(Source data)
::::::
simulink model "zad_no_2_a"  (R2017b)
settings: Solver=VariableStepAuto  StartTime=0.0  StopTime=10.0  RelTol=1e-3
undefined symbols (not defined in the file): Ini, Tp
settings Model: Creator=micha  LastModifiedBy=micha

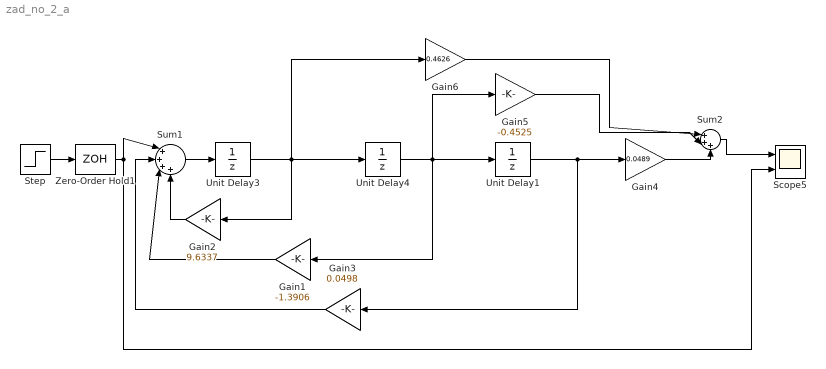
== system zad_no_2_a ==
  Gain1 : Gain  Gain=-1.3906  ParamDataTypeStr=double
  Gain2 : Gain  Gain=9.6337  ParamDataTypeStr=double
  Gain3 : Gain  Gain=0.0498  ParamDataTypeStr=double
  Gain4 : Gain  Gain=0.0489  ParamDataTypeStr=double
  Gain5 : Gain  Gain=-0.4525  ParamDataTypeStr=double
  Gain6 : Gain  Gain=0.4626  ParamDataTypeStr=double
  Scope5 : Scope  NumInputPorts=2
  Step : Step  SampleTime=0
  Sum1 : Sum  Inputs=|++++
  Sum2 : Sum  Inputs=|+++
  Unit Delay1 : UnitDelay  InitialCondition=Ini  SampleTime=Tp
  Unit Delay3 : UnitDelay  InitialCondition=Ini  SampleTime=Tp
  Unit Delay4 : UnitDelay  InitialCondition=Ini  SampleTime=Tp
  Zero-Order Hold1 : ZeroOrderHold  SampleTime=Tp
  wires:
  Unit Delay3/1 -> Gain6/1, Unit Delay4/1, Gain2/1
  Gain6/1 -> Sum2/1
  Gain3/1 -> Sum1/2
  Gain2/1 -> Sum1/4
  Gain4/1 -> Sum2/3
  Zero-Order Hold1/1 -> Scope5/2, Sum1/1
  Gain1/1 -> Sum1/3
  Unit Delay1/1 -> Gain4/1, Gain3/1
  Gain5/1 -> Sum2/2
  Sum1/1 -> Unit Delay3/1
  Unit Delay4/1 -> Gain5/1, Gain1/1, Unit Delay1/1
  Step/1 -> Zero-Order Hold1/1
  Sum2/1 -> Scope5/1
::::::
▶ Task instructions
Report every line of the data above that contains the string "Order" by copying it in full.

▶ Response to this task
  Zero-Order Hold1 : ZeroOrderHold  SampleTime=Tp
  Zero-Order Hold1/1 -> Scope5/2, Sum1/1
  Step/1 -> Zero-Order Hold1/1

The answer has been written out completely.